Description of the task
Repeat the stretch of entries below from the line with "arc A5 (-5.5019, -9.9121)" through the line with "arc A12 (4.8471, 7.5103)". Include both ends and add nothing.

Excerpted records
────────────────
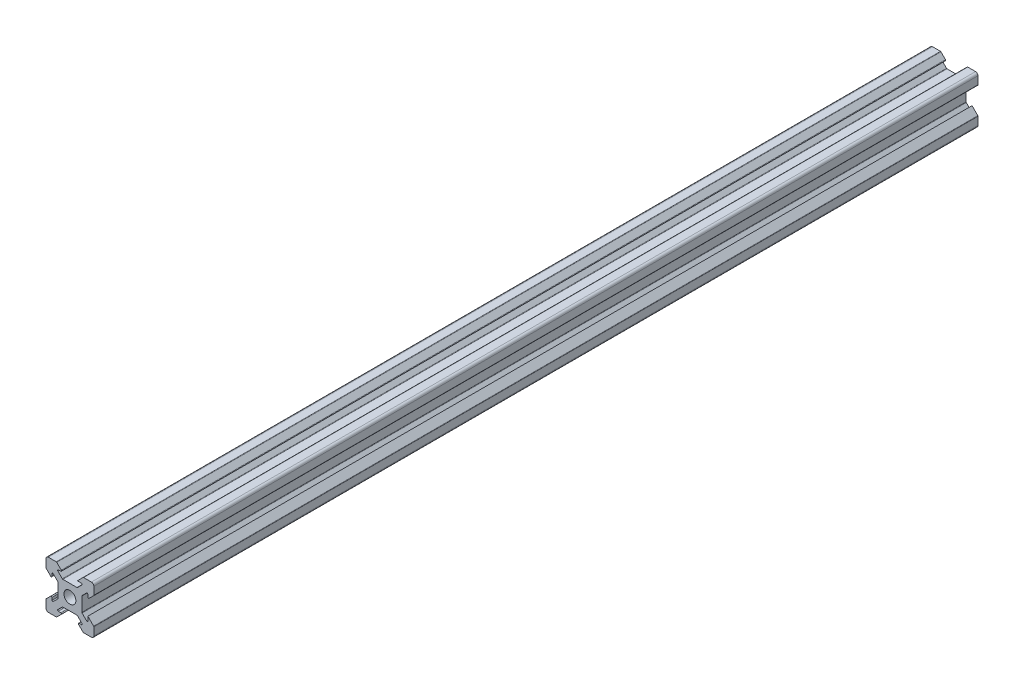
SolidWorks part; units mm, degrees
ref_plane "Alzado" through (0, 0, 0) normal (0, 0, 1) x (1, 0, 0)
ref_plane "Planta" through (0, 0, 0) normal (0, 1, 0) x (1, 0, 0)
ref_plane "Vista lateral" through (0, 0, 0) normal (1, 0, 0) x (0, 0, -1)
sketch "Croquis1" plane through (0, 0, 0) normal (0, 1, 0) x (1, 0, 0)
  line L0 (0, 185) -> (0, -185)
  dimension "D1" = 370
other "Miembro estructural1"
ref_plane "Plano1" through (0, 0, -185) normal (0, 0, 1) x (1, 0, 0)
sketch "Croquis11" plane through (0, 0, -185) normal (0, 0, 1) x (1, 0, 0)
  line L0 (0, 10) -> (0, -10) construction
  line L1 (-9, -10) -> (-5.714, -10)
  line L2 (-10, -9) -> (-10, -5.714)
  line L3 (-9, 10) -> (-5.714, 10)
  line L4 (10, -9) -> (10, -5.714)
  line L5 (-10, -10) -> (10, 10) construction
  line L6 (-10, 10) -> (10, -10) construction
  line L7 (-10, 0) -> (10, 0) construction
  line L8 (-5.5019, 9.9121) -> (-3.6121, 8.0224)
  line L9 (-3.8243, 7.5103) -> (-4.8471, 7.5103)
  line L10 (-5.0593, 6.9981) -> (-3.1695, 5.1084)
  line L11 (-2.9574, 5.0205) -> (2.9574, 5.0205)
  line L12 (3.1, 7.5103) -> (4.8471, 7.5103)
  line L13 (5.0593, 6.9981) -> (3.1695, 5.1084)
  line L14 (5.5019, 9.9121) -> (3.1, 7.5103)
  line L15 (5.714, 10) -> (9, 10)
  line L16 (9.9121, 5.5019) -> (8.0224, 3.6121)
  line L17 (7.5103, 3.8243) -> (7.5103, 4.8471)
  line L18 (6.9981, 5.0593) -> (5.1084, 3.1695)
  line L19 (5.0205, 2.9574) -> (5.0205, -2.9574)
  line L20 (6.9981, -5.0593) -> (5.1084, -3.1695)
  line L21 (7.5103, -3.1) -> (7.5103, -4.8471)
  line L22 (9.9121, -5.5019) -> (7.5103, -3.1)
  line L23 (5.5019, -9.9121) -> (3.6121, -8.0224)
  line L24 (3.8243, -7.5103) -> (4.8471, -7.5103)
  line L25 (5.0593, -6.9981) -> (3.1695, -5.1084)
  line L26 (2.9574, -5.0205) -> (-2.9574, -5.0205)
  line L27 (-5.0593, -6.9981) -> (-3.1695, -5.1084)
  line L28 (-3.8243, -7.5103) -> (-4.8471, -7.5103)
  line L29 (-5.5019, -9.9121) -> (-3.6121, -8.0224)
  line L30 (-9.9121, -5.5019) -> (-8.0224, -3.6121)
  line L31 (-7.5103, -3.8243) -> (-7.5103, -4.8471)
  line L32 (-6.9981, -5.0593) -> (-5.1084, -3.1695)
  line L33 (-5.0205, -2.9574) -> (-5.0205, 2.9574)
  line L34 (-6.9981, 5.0593) -> (-5.1084, 3.1695)
  line L35 (-7.5103, 3.8243) -> (-7.5103, 4.8471)
  line L36 (-9.9121, 5.5019) -> (-8.0224, 3.6121)
  line L37 (-10, 5.714) -> (-10, 9)
  line L38 (10, 5.714) -> (10, 9)
  line L39 (5.714, -10) -> (9, -10)
  circle A0 centre (0, 0) radius 2.5
  arc A1 (5.5019, 9.9121) -> (5.714, 10) centre (5.714, 9.7) cw
  arc A2 (9.9121, 5.5019) -> (10, 5.714) centre (9.7, 5.714) ccw
  arc A3 (9.9121, -5.5019) -> (10, -5.714) centre (9.7, -5.714) cw
  arc A4 (5.5019, -9.9121) -> (5.714, -10) centre (5.714, -9.7) ccw
  arc A5 (-5.5019, -9.9121) -> (-5.714, -10) centre (-5.714, -9.7) cw
  arc A6 (-9.9121, -5.5019) -> (-10, -5.714) centre (-9.7, -5.714) ccw
  arc A7 (-5.5019, 9.9121) -> (-5.714, 10) centre (-5.714, 9.7) ccw
  arc A8 (-3.6121, 8.0224) -> (-3.8243, 7.5103) centre (-3.8243, 7.8103) cw
  arc A9 (-4.8471, 7.5103) -> (-5.0593, 6.9981) centre (-4.8471, 7.2103) ccw
  arc A10 (-3.1695, 5.1084) -> (-2.9574, 5.0205) centre (-2.9574, 5.3205) ccw
  arc A11 (3.1695, 5.1084) -> (2.9574, 5.0205) centre (2.9574, 5.3205) cw
  arc A12 (4.8471, 7.5103) -> (5.0593, 6.9981) centre (4.8471, 7.2103) cw
  arc A13 (8.0224, 3.6121) -> (7.5103, 3.8243) centre (7.8103, 3.8243) cw
  arc A14 (7.5103, 4.8471) -> (6.9981, 5.0593) centre (7.2103, 4.8471) ccw
  arc A15 (5.1084, 3.1695) -> (5.0205, 2.9574) centre (5.3205, 2.9574) ccw
  arc A16 (5.0205, -2.9574) -> (5.1084, -3.1695) centre (5.3205, -2.9574) ccw
  arc A17 (6.9981, -5.0593) -> (7.5103, -4.8471) centre (7.2103, -4.8471) ccw
  arc A18 (3.6121, -8.0224) -> (3.8243, -7.5103) centre (3.8243, -7.8103) cw
  arc A19 (4.8471, -7.5103) -> (5.0593, -6.9981) centre (4.8471, -7.2103) ccw
  arc A20 (3.1695, -5.1084) -> (2.9574, -5.0205) centre (2.9574, -5.3205) ccw
  arc A21 (-3.8243, -7.5103) -> (-3.6121, -8.0224) centre (-3.8243, -7.8103) cw
  arc A22 (-2.9574, -5.0205) -> (-3.1695, -5.1084) centre (-2.9574, -5.3205) ccw
  arc A23 (-5.0593, -6.9981) -> (-4.8471, -7.5103) centre (-4.8471, -7.2103) ccw
  arc A24 (-8.0224, -3.6121) -> (-7.5103, -3.8243) centre (-7.8103, -3.8243) cw
  arc A25 (-7.5103, -4.8471) -> (-6.9981, -5.0593) centre (-7.2103, -4.8471) ccw
  arc A26 (-5.1084, -3.1695) -> (-5.0205, -2.9574) centre (-5.3205, -2.9574) ccw
  arc A27 (-5.0205, 2.9574) -> (-5.1084, 3.1695) centre (-5.3205, 2.9574) ccw
  arc A28 (-6.9981, 5.0593) -> (-7.5103, 4.8471) centre (-7.2103, 4.8471) ccw
  arc A29 (-7.5103, 3.8243) -> (-8.0224, 3.6121) centre (-7.8103, 3.8243) cw
  arc A30 (-9.9121, 5.5019) -> (-10, 5.714) centre (-9.7, 5.714) cw
  arc A31 (-9, -10) -> (-10, -9) centre (-9, -9) cw
  arc A32 (9, -10) -> (10, -9) centre (9, -9) ccw
  arc A33 (9, 10) -> (10, 9) centre (9, 9) cw
  arc A34 (-10, 9) -> (-9, 10) centre (-9, 9) cw
  point P0 (0, 0)
  point P18 (0, 5.0205)
  point P23 (5.5897, 10)
  point P48 (0, 0)
  point P61 (-5.5897, 10)
  point P64 (-3.1, 7.5103)
  point P67 (-5.5714, 7.5103)
  point P70 (-3.0817, 5.0205)
  point P73 (3.0817, 5.0205)
  point P76 (5.5714, 7.5103)
  point P125 (0, 0)
  dimension "D3" = 5
  dimension "D7" = 0.3
  dimension "D8" = 1
  dimension "D1" = 20
  dimension "D2" = 20
  dimension "D4" = 3.1
  dimension "D5" = 45
  dimension "D6" = 4
────────────────
Written response
  arc A5 (-5.5019, -9.9121) -> (-5.714, -10) centre (-5.714, -9.7) cw
  arc A6 (-9.9121, -5.5019) -> (-10, -5.714) centre (-9.7, -5.714) ccw
  arc A7 (-5.5019, 9.9121) -> (-5.714, 10) centre (-5.714, 9.7) ccw
  arc A8 (-3.6121, 8.0224) -> (-3.8243, 7.5103) centre (-3.8243, 7.8103) cw
  arc A9 (-4.8471, 7.5103) -> (-5.0593, 6.9981) centre (-4.8471, 7.2103) ccw
  arc A10 (-3.1695, 5.1084) -> (-2.9574, 5.0205) centre (-2.9574, 5.3205) ccw
  arc A11 (3.1695, 5.1084) -> (2.9574, 5.0205) centre (2.9574, 5.3205) cw
  arc A12 (4.8471, 7.5103) -> (5.0593, 6.9981) centre (4.8471, 7.2103) cw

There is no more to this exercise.